What you have to do: Scan the records below and report how many lines include the string "drawing"; the number alone will do.

[Exercise materials — start]

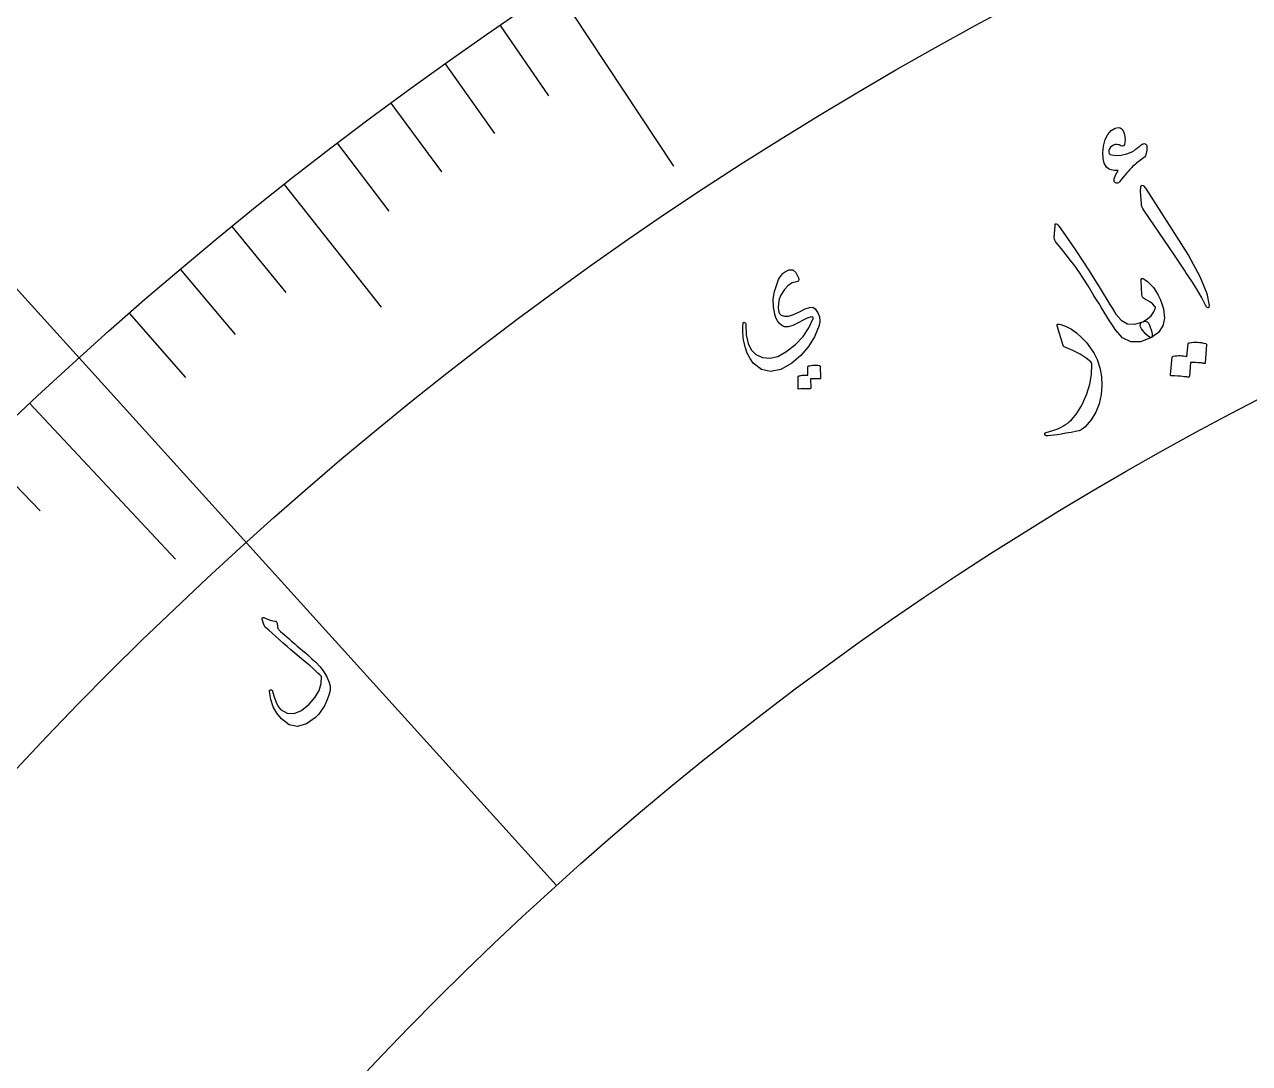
# Model space of a CAD drawing. Header units: millimetres. Extents: x -83 to 83, y -82 to 91.
# Drawn here: x -38.11 to -21.08, y 31.48 to 45.94 of the extents above; entities that cross this region are included whole.
import ezdxf

# ---------------------------------------------------------------- set-up
doc = ezdxf.new("R2010")
doc.units = ezdxf.units.MM
for name, color, linetype in [('ENGRAVE', 7, 'Continuous'), ('ENGRAVE_FINE', 8, 'Continuous'), ('TEXT', 5, 'Continuous')]:
    doc.layers.add(name, color=color, linetype=linetype)

msp = doc.modelspace()

# ---------------------------------------------------------------- linework, layer by layer
at = {"layer": 'ENGRAVE'}
for points in [[(-43.9968, 48.6416), (-37.3558, 41.2994)], [(-30.7269, 46.443), (-29.0882, 43.9661)], [(-34.5032, 43.7107), (-33.1538, 42.0011)], [(-37.3558, 41.2994), (-30.7147, 33.9573)], [(-38.0438, 40.6666), (-36.0148, 38.4977)]]:
    msp.add_lwpolyline(points, dxfattribs=at)
for radius in [80.85, 80.85, 78.6844, 74.6625, 74.6625, 71.4862, 65.5875, 65.5875, 62.1225, 55.6875, 55.6875, 52.2225, 45.7875, 45.7875]:
    msp.add_circle((0, 0), radius, dxfattribs=at)
at = {"layer": 'ENGRAVE_FINE'}
for points in [[(-31.4998, 45.9223), (-30.8278, 44.9427)], [(-32.2641, 45.3886), (-31.5758, 44.4203)], [(-33.0195, 44.842), (-32.3151, 43.8854)], [(-33.766, 44.2827), (-33.0457, 43.338)], [(-35.2311, 43.1262), (-34.4795, 42.2062)], [(-35.9492, 42.5294), (-35.1823, 41.6221)], [(-36.6575, 41.9204), (-35.8755, 41.0261)], [(-38.7213, 40.022), (-37.8952, 39.1682)]]:
    msp.add_lwpolyline(points, dxfattribs=at)
at = {"layer": 'TEXT'}
for points in [[(-22.5393, 44.0896), (-22.5698, 44.0663), (-22.598, 44.0446), (-22.624, 44.0244), (-22.6476, 44.0057), (-22.6688, 43.9886), (-22.6872, 43.9728), (-22.7029, 43.9584), (-22.7158, 43.9454), (-22.7287, 43.9316), (-22.744, 43.9147), (-22.7617, 43.8948), (-22.782, 43.8718), (-22.8046, 43.8456), (-22.8295, 43.816), (-22.8567, 43.783), (-22.8862, 43.7466), (-22.8991, 43.7335), (-22.9124, 43.7266), (-22.926, 43.7257), (-22.94, 43.731), (-22.958, 43.7525), (-22.958, 43.7886), (-22.9398, 43.8394), (-22.9035, 43.9046), (-22.958, 43.9057), (-23.0032, 43.914), (-23.0392, 43.9295), (-23.0658, 43.9522), (-23.0966, 44.0053), (-23.1136, 44.0714), (-23.1169, 44.1507), (-23.1064, 44.2432), (-23.0831, 44.3331), (-23.0481, 44.405), (-23.0016, 44.4588), (-22.9436, 44.4945), (-22.9058, 44.5038), (-22.8742, 44.4988), (-22.8489, 44.4796), (-22.8299, 44.4462), (-22.8168, 44.4062), (-22.8091, 44.3673), (-22.8069, 44.3296), (-22.8102, 44.2929), (-22.8177, 44.2645), (-22.8294, 44.2476), (-22.8455, 44.2423), (-22.8659, 44.2484), (-22.8916, 44.2601), (-22.9172, 44.2652), (-22.9427, 44.2636), (-22.968, 44.2554), (-22.9924, 44.2427), (-23.0114, 44.2265), (-23.0248, 44.2069), (-23.0327, 44.1839), (-23.0348, 44.16), (-23.0295, 44.1415), (-23.0167, 44.1284), (-22.9966, 44.1208), (-22.9312, 44.1118), (-22.8601, 44.1169), (-22.7835, 44.1363), (-22.7011, 44.1699), (-22.6943, 44.1737), (-22.687, 44.1783), (-22.6791, 44.1838), (-22.6707, 44.1902), (-22.6616, 44.1974), (-22.6518, 44.2051), (-22.6412, 44.2133), (-22.6299, 44.2221), (-22.6175, 44.2315), (-22.6064, 44.24), (-22.5965, 44.2477), (-22.5878, 44.2546), (-22.58, 44.2607), (-22.573, 44.2657), (-22.5667, 44.2698), (-22.5612, 44.2729), (-22.55, 44.2773), (-22.5395, 44.2784), (-22.53, 44.2765), (-22.5212, 44.2713), (-22.5144, 44.2655), (-22.5094, 44.2593), (-22.5062, 44.2525), (-22.5047, 44.2452), (-22.5068, 44.1873), (-22.5132, 44.1421), (-22.5241, 44.1095), (-22.5393, 44.0896)], [(-22.5912, 43.6166), (-22.5905, 43.6752), (-22.5792, 43.7015), (-22.5573, 43.6955), (-22.5248, 43.6572), (-22.153, 43.0787), (-21.9266, 42.7225), (-21.7657, 42.4278), (-21.6698, 42.1948), (-21.6384, 42.0236), (-21.6403, 42.0073), (-21.6441, 41.997), (-21.65, 41.9928), (-21.6577, 41.9947), (-21.6658, 41.9998), (-21.6737, 42.0077), (-21.6816, 42.0184), (-21.6893, 42.0319), (-21.7448, 42.1394), (-21.8086, 42.2509), (-21.8808, 42.3664), (-21.9614, 42.4858), (-21.9818, 42.5173), (-22.038, 42.6019), (-22.13, 42.7395), (-22.2579, 42.9301), (-22.5465, 43.3502), (-22.5602, 43.3734), (-22.5704, 43.396), (-22.577, 43.4181), (-22.5802, 43.4397)], [(-23.7812, 43.1389), (-23.7804, 43.149), (-23.7785, 43.1564), (-23.7756, 43.1612), (-23.7717, 43.1634), (-23.7639, 43.1635), (-23.7532, 43.1568), (-23.7397, 43.1433), (-23.7232, 43.1231), (-23.6019, 42.9516), (-23.492, 42.7918), (-23.3936, 42.6436), (-23.3066, 42.507), (-23.2342, 42.3892), (-23.1692, 42.2836), (-23.1116, 42.1903), (-23.0613, 42.1093), (-23.0185, 42.0405), (-22.9834, 41.9839), (-22.956, 41.9394), (-22.9362, 41.907), (-22.86, 41.8193), (-22.772, 41.7722), (-22.6722, 41.7657), (-22.5606, 41.7995), (-22.5286, 41.8072), (-22.5015, 41.7996), (-22.4791, 41.7767), (-22.4615, 41.7386), (-22.4417, 41.6743), (-22.4317, 41.6262), (-22.4315, 41.5941), (-22.4411, 41.5782), (-22.5919, 41.5207), (-22.7261, 41.5203), (-22.8439, 41.5772), (-22.9453, 41.6917), (-22.9843, 41.7516), (-23.023, 41.812), (-23.0613, 41.8727), (-23.0993, 41.9338), (-23.1371, 41.9953), (-23.1748, 42.057), (-23.2124, 42.1189), (-23.25, 42.181), (-23.3214, 42.2997), (-23.3881, 42.4052), (-23.45, 42.4976), (-23.5071, 42.5769), (-23.5643, 42.6517), (-23.6264, 42.7309), (-23.6934, 42.8143), (-23.7653, 42.9019), (-23.7773, 42.9182), (-23.7858, 42.9345), (-23.7905, 42.9509), (-23.7916, 42.9672)], [(-27.3751, 42.3562), (-27.4369, 42.3402), (-27.494, 42.3041), (-27.5464, 42.2479), (-27.594, 42.1716), (-27.6175, 42.1131), (-27.6298, 42.0534), (-27.631, 41.9927), (-27.6211, 41.9309), (-27.617, 41.92), (-27.6107, 41.9099), (-27.6021, 41.9008), (-27.5914, 41.8925), (-27.5448, 41.8755), (-27.487, 41.8775), (-27.4179, 41.8986), (-27.3373, 41.9387), (-27.2583, 41.9789), (-27.1953, 41.9993), (-27.1483, 42.0002), (-27.1174, 41.9814), (-27.0791, 41.9253), (-27.0574, 41.8672), (-27.0523, 41.8073), (-27.0638, 41.7454), (-27.1272, 41.5913), (-27.2111, 41.453), (-27.3157, 41.3305), (-27.441, 41.2235), (-27.5965, 41.1347), (-27.7378, 41.1053), (-27.8654, 41.1354), (-27.9793, 41.2253), (-28.024, 41.2867), (-28.0613, 41.361), (-28.0911, 41.4483), (-28.1132, 41.5486), (-28.1172, 41.578), (-28.1203, 41.6068), (-28.1226, 41.635), (-28.1241, 41.6627), (-28.1247, 41.69), (-28.1244, 41.717), (-28.1232, 41.7437), (-28.1212, 41.7702), (-28.1186, 41.7823), (-28.114, 41.7897), (-28.1073, 41.7922), (-28.0985, 41.79), (-28.091, 41.7849), (-28.0856, 41.7784), (-28.0824, 41.7705), (-28.0813, 41.7611), (-28.0759, 41.6159), (-28.0512, 41.4983), (-28.0074, 41.4082), (-27.9446, 41.3456), (-27.8482, 41.2999), (-27.7461, 41.2906), (-27.6379, 41.3177), (-27.5237, 41.381), (-27.3921, 41.4843), (-27.2856, 41.5958), (-27.2041, 41.7157), (-27.1477, 41.8442), (-27.1453, 41.8535), (-27.1467, 41.8605), (-27.1517, 41.865), (-27.1604, 41.8671), (-27.1878, 41.8637), (-27.2296, 41.8488), (-27.2856, 41.8223), (-27.3559, 41.7841), (-27.4293, 41.748), (-27.4914, 41.7297), (-27.5423, 41.7293), (-27.5821, 41.7469), (-27.6149, 41.7767), (-27.6423, 41.8126), (-27.6642, 41.8546), (-27.6807, 41.9028), (-27.6993, 42.0064), (-27.7, 42.1126), (-27.6828, 42.2213), (-27.6476, 42.3324), (-27.6371, 42.3601), (-27.6258, 42.3855), (-27.6138, 42.4086), (-27.6012, 42.4294), (-27.588, 42.4478), (-27.5744, 42.464), (-27.5605, 42.4779), (-27.5462, 42.4895), (-27.4825, 42.5228), (-27.4288, 42.5205), (-27.3851, 42.4826), (-27.3514, 42.4091), (-27.347, 42.3864), (-27.3495, 42.3699), (-27.3588, 42.3599), (-27.3751, 42.3562)], [(-22.5733, 42.1765), (-22.5857, 42.3663), (-22.5844, 42.3886), (-22.5767, 42.4004), (-22.5627, 42.4017), (-22.5423, 42.3926), (-22.4952, 42.3578), (-22.4521, 42.3183), (-22.4128, 42.2742), (-22.3775, 42.2254), (-22.346, 42.1716), (-22.3184, 42.1124), (-22.2946, 42.0479), (-22.2746, 41.9779), (-22.259, 41.8505), (-22.2816, 41.7415), (-22.3423, 41.6508), (-22.4411, 41.5782), (-22.4577, 41.5794), (-22.483, 41.5961), (-22.5171, 41.6283), (-22.56, 41.6759), (-22.5797, 41.7032), (-22.592, 41.7277), (-22.5969, 41.7495), (-22.5944, 41.7685), (-22.5893, 41.7781), (-22.5819, 41.7864), (-22.5724, 41.7935), (-22.5606, 41.7995), (-22.494, 41.8381), (-22.4425, 41.8836), (-22.4061, 41.936), (-22.3847, 41.9953), (-22.3844, 41.9992), (-22.3859, 42.0034), (-22.389, 42.0078), (-22.3939, 42.0126), (-22.4222, 42.0422), (-22.4554, 42.07), (-22.4935, 42.096), (-22.5367, 42.12), (-22.5518, 42.1298), (-22.563, 42.1424), (-22.5701, 42.158), (-22.5733, 42.1765)], [(-23.7501, 41.744), (-23.7512, 41.7492), (-23.7515, 41.7536), (-23.751, 41.7573), (-23.7497, 41.7603), (-23.7432, 41.7648), (-23.733, 41.7666), (-23.7193, 41.7655), (-23.702, 41.7617), (-23.6275, 41.7342), (-23.5546, 41.695), (-23.4833, 41.644), (-23.4135, 41.5813), (-23.3462, 41.5094), (-23.2875, 41.4342), (-23.2375, 41.3557), (-23.196, 41.2741), (-23.1583, 41.157), (-23.1367, 41.0365), (-23.1311, 40.9125), (-23.1414, 40.785), (-23.1684, 40.6593), (-23.2146, 40.543), (-23.28, 40.4361), (-23.3645, 40.3383), (-23.3892, 40.3156), (-23.4165, 40.2976), (-23.4465, 40.284), (-23.479, 40.2749), (-23.5578, 40.2601), (-23.6293, 40.2473), (-23.6935, 40.2364), (-23.7503, 40.2275), (-23.7998, 40.2207), (-23.8417, 40.2161), (-23.8759, 40.2137), (-23.9026, 40.2136), (-23.9089, 40.2148), (-23.914, 40.2166), (-23.9179, 40.2192), (-23.9206, 40.2224), (-23.9229, 40.2273), (-23.9242, 40.2325), (-23.9244, 40.2379), (-23.9235, 40.2434), (-23.9213, 40.2487), (-23.9172, 40.2529), (-23.9114, 40.2562), (-23.9038, 40.2584), (-23.8569, 40.2713), (-23.8129, 40.2851), (-23.7719, 40.2997), (-23.7338, 40.3151), (-23.6982, 40.3317), (-23.665, 40.3494), (-23.6342, 40.3684), (-23.6056, 40.3887), (-23.5784, 40.4112), (-23.5516, 40.4368), (-23.5253, 40.4655), (-23.4994, 40.4974), (-23.474, 40.5326), (-23.4492, 40.5713), (-23.4249, 40.6135), (-23.4012, 40.6591), (-23.34, 40.7969), (-23.2972, 40.9327), (-23.2731, 41.0665), (-23.2677, 41.1984), (-23.2683, 41.2085), (-23.2713, 41.2188), (-23.2768, 41.2293), (-23.2849, 41.24), (-23.3488, 41.294), (-23.4316, 41.3472), (-23.5334, 41.3997), (-23.6542, 41.4513), (-23.6606, 41.4553), (-23.6653, 41.4594), (-23.6685, 41.4636), (-23.6702, 41.4679)], [(-21.9303, 41.493), (-21.9289, 41.4977), (-21.9256, 41.5018), (-21.9205, 41.5053), (-21.9135, 41.5082), (-21.8848, 41.5117), (-21.8564, 41.5139), (-21.8282, 41.5147), (-21.8003, 41.5142), (-21.7725, 41.5122), (-21.7444, 41.5087), (-21.7162, 41.5038), (-21.6878, 41.4974), (-21.6814, 41.4942), (-21.6769, 41.4897), (-21.6743, 41.4837), (-21.6738, 41.4763), (-21.6913, 41.2274), (-21.6931, 41.2232), (-21.6978, 41.2208), (-21.7053, 41.22), (-21.7156, 41.2209), (-21.7233, 41.2227), (-21.7351, 41.2244), (-21.7512, 41.2261), (-21.7716, 41.2277), (-21.7963, 41.2293), (-21.8258, 41.231), (-21.8599, 41.2328), (-21.8988, 41.2346), (-21.9127, 41.0404), (-21.9145, 41.0337), (-21.9194, 41.0297), (-21.9272, 41.0285), (-21.9381, 41.0301), (-21.9474, 41.0314), (-21.962, 41.0331), (-21.9819, 41.0351), (-22.0069, 41.0376), (-22.0375, 41.0402), (-22.0739, 41.0428), (-22.1162, 41.0454), (-22.1643, 41.0481), (-22.17, 41.0497), (-22.1737, 41.0525), (-22.1752, 41.0565), (-22.1747, 41.0615), (-22.1533, 41.3047), (-22.1519, 41.3094), (-22.1487, 41.3135), (-22.1436, 41.317), (-22.1366, 41.32), (-22.1128, 41.3241), (-22.089, 41.3268), (-22.0652, 41.3282), (-22.0415, 41.328), (-22.0178, 41.3267), (-21.9944, 41.3242), (-21.9712, 41.3207), (-21.9482, 41.316)], [(-27.2205, 41.173), (-27.2199, 41.1762), (-27.218, 41.1792), (-27.2148, 41.1818), (-27.2104, 41.1842), (-27.1916, 41.1884), (-27.1728, 41.1917), (-27.1542, 41.1941), (-27.1357, 41.1955), (-27.1171, 41.1961), (-27.0982, 41.1956), (-27.0792, 41.1942), (-27.0599, 41.1919), (-27.0554, 41.1902), (-27.0521, 41.1875), (-27.0501, 41.1837), (-27.0492, 41.1788), (-27.0445, 41.0124), (-27.0455, 41.0096), (-27.0484, 41.0076), (-27.0533, 41.0066), (-27.0602, 41.0065), (-27.0654, 41.0072), (-27.0735, 41.0076), (-27.0843, 41.0076), (-27.0979, 41.0073), (-27.1144, 41.0068), (-27.1341, 41.006), (-27.1569, 41.0049), (-27.1829, 41.0036), (-27.1797, 40.8737), (-27.1805, 40.8691), (-27.1835, 40.8662), (-27.1886, 40.8649), (-27.1959, 40.8652), (-27.2023, 40.8655), (-27.2121, 40.8656), (-27.2254, 40.8657), (-27.2422, 40.8657), (-27.2627, 40.8655), (-27.2871, 40.8649), (-27.3154, 40.8639), (-27.3475, 40.8626), (-27.3514, 40.8633), (-27.354, 40.865), (-27.3553, 40.8675), (-27.3552, 40.8709), (-27.3564, 41.0336), (-27.3558, 41.0369), (-27.3539, 41.0398), (-27.3507, 41.0425), (-27.3463, 41.0449), (-27.3307, 41.0491), (-27.3151, 41.0525), (-27.2994, 41.0549), (-27.2836, 41.0563), (-27.2678, 41.057), (-27.2521, 41.0568), (-27.2365, 41.056), (-27.2209, 41.0544)], [(-34.8092, 37.6585), (-34.8106, 37.665), (-34.8102, 37.6709), (-34.8081, 37.6762), (-34.8041, 37.681), (-34.7988, 37.6844), (-34.7929, 37.6857), (-34.7862, 37.6847), (-34.7787, 37.6816), (-34.7368, 37.6622), (-34.6979, 37.6478), (-34.6621, 37.6385), (-34.6293, 37.6343), (-34.6186, 37.6319), (-34.6102, 37.6254), (-34.6041, 37.6148), (-34.6004, 37.6001), (-34.5995, 37.5923), (-34.5986, 37.5848), (-34.5976, 37.5776), (-34.5966, 37.5708), (-34.5957, 37.5644), (-34.5949, 37.5584), (-34.5942, 37.553), (-34.5937, 37.5481), (-34.5925, 37.5394), (-34.5893, 37.5307), (-34.584, 37.5219), (-34.5768, 37.513), (-34.5533, 37.4909), (-34.5274, 37.467), (-34.4989, 37.4416), (-34.468, 37.4144), (-34.4347, 37.3855), (-34.399, 37.3548), (-34.361, 37.3223), (-34.3208, 37.2879), (-34.28, 37.2541), (-34.242, 37.2221), (-34.2068, 37.1918), (-34.1742, 37.1632), (-34.1443, 37.1365), (-34.1167, 37.1114), (-34.0916, 37.0881), (-34.0688, 37.0666), (-34.0044, 37.0001), (-33.9506, 36.9304), (-33.9075, 36.8576), (-33.875, 36.7817), (-33.8636, 36.7299), (-33.8653, 36.6708), (-33.88, 36.6044), (-33.9077, 36.5307), (-33.9436, 36.4574), (-33.9819, 36.3935), (-34.0226, 36.3391), (-34.0657, 36.294), (-34.1941, 36.2029), (-34.3161, 36.1691), (-34.4319, 36.193), (-34.5417, 36.2747), (-34.6051, 36.3531), (-34.6538, 36.4425), (-34.6879, 36.543), (-34.707, 36.6546), (-34.7073, 36.6619), (-34.706, 36.6678), (-34.703, 36.6723), (-34.6985, 36.6755), (-34.6927, 36.6779), (-34.6875, 36.6789), (-34.6828, 36.6783), (-34.6786, 36.6763), (-34.6734, 36.6725), (-34.6693, 36.6678), (-34.6664, 36.6624), (-34.6647, 36.6562), (-34.6386, 36.5662), (-34.6113, 36.4945), (-34.5827, 36.4408), (-34.553, 36.4053), (-34.462, 36.3544), (-34.3656, 36.35), (-34.2637, 36.3918), (-34.1562, 36.4798), (-34.0742, 36.5751), (-34.0178, 36.6705), (-33.9872, 36.7663), (-33.9824, 36.8626), (-34.0055, 36.8855), (-34.0331, 36.9118), (-34.0652, 36.9413), (-34.1018, 36.9742), (-34.143, 37.0104), (-34.189, 37.0499), (-34.2399, 37.0927), (-34.2956, 37.1388), (-34.3525, 37.1869), (-34.4083, 37.2344), (-34.4629, 37.2814), (-34.5164, 37.3279), (-34.5687, 37.3739), (-34.6198, 37.4195), (-34.6695, 37.4647), (-34.7179, 37.5095), (-34.7665, 37.5508), (-34.7711, 37.5564), (-34.7749, 37.562), (-34.7779, 37.5679), (-34.78, 37.5738)]]:
    msp.add_lwpolyline(points, close=True, dxfattribs=at)

doc.saveas('drawing.dxf')

[Exercise materials — finish]

Response: 2